There were no significant preoperative or postoperative BCVA differences between the PPV and SB groups during the follow-up ( Table 2 ; Figure 2 , Left). However, when we divided the SB group into 2 subgroups according to the persistence of SMF, there were significant BCVA differences between the PPV and SB-SMF+ groups at 9 and 12 months after surgery, and there were significant BCVA differences between the SB-SMF− and SB-SMF+ groups at 6, 9, and 12 months after surgery. Nevertheless, there were no significant differences in the final BCVA among the 3 groups ( Table 2 ; Figure 2 , Right).

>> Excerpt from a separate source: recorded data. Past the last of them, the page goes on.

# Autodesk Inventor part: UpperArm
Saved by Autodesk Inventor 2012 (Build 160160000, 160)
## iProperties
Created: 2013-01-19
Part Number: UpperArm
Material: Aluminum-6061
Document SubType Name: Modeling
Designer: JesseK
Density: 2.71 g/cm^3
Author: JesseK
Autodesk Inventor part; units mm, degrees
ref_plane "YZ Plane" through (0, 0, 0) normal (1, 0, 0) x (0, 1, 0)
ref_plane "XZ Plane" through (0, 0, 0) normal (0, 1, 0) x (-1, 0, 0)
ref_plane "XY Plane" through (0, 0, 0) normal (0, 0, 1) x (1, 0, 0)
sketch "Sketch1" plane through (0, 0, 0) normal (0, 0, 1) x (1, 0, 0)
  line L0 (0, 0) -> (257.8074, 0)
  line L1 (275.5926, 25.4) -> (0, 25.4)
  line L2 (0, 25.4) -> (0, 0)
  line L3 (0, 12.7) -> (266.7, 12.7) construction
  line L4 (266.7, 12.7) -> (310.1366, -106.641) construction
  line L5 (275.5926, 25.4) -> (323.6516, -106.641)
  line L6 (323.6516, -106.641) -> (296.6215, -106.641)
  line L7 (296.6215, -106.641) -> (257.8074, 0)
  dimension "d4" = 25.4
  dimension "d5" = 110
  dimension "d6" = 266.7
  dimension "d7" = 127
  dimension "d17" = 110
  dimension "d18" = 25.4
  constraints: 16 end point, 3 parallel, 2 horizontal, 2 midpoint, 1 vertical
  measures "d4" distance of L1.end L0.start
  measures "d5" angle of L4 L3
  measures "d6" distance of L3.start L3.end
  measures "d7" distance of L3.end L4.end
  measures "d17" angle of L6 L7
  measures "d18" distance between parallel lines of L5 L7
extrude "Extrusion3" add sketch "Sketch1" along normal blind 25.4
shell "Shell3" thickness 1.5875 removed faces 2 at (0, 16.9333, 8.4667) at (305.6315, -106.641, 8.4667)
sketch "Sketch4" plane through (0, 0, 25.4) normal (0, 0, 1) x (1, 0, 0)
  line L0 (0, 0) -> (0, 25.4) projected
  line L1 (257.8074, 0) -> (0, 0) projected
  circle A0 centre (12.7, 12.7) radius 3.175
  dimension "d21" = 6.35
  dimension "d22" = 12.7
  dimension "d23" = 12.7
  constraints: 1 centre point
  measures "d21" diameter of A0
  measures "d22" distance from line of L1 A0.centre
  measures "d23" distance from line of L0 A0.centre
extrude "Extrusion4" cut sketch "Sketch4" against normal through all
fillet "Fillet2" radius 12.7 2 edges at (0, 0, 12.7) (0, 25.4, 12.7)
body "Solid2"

Preoperative | 1 Mo | 3 Mos | 6 Mos | 9 Mos | 12 Mos | Final | |
---|---|---|---|---|---|---|---|
PPV (n = 16) | 1.30 ± 0.78 | 0.52 ± 0.33 | 0.39 ± 0.33 | 0.24 ± 0.17 | 0.17 ± 0.25 | 0.13 ± 0.23 | 0.15 ± 0.20 |
SB (n = 45) | 1.19 ± 0.73 | 0.51 ± 0.34 | 0.34 ± 0.30 | 0.26 ± 0.25 | 0.25 ± 0.23 | 0.23 ± 0.25 | 0.19 ± 0.25 |
SB-SMF− (n = 19) | 1.17 ± 0.71 | 0.46 ± 0.30 | 0.27 ± 0.28 | 0.18 ± 0.22 | 0.17 ± 0.20 | 0.13 ± 0.19 | 0.13 ± 0.21 |
SB-SMF+ (n = 26) | 1.21 ± 0.75 | 0.54 ± 0.37 | 0.38 ± 0.32 | 0.31 ± 0.25 | 0.31 ± 0.23 | 0.28 ± 0.27 | 0.23 ± 0.27 |
P values a | |||||||
PPV vs SB | .526 | .798 | .294 | .661 | .217 | .196 | .740 |
PPV vs SB-SMF− | .612 | .683 | .133 | .117 | .837 | .964 | .612 |
PPV vs SB-SMF+ | .558 | .938 | .638 | .582 | .039 | .049 | .351 |
SB-SMF− vs. SB-SMF+ | .908 | .571 | .183 | .029 | .020 | .047 | .149 |
When patients were categorized according to disease chronicity, the PPV group showed marginally better BCVA at 9 months ( P = .095) and 12 months ( P = .065) after surgery compared with the SB-SMF+ group, and the SB-SMF− group showed marginally better BCVA at 6 months ( P = .091) and 9 months ( P = .053) after surgery compared with the SB-SMF+ group in acute RD patients ( Table 3 ; Figure 3 , Left). There were no significant differences in final BCVA among the 3 subgroups in acute RD patients. However, among subacute-onset RD patients, no significant differences in postoperative BCVA were found between the PPV and SB-SMF+ groups ( Table 3 ; Figure 3 , Right). In the SB group, 50% of acute RD patients showed persistent SMF, but 100% of subacute RD patients showed persistent SMF at 1 month after surgery ( P < .001, Fisher exact test).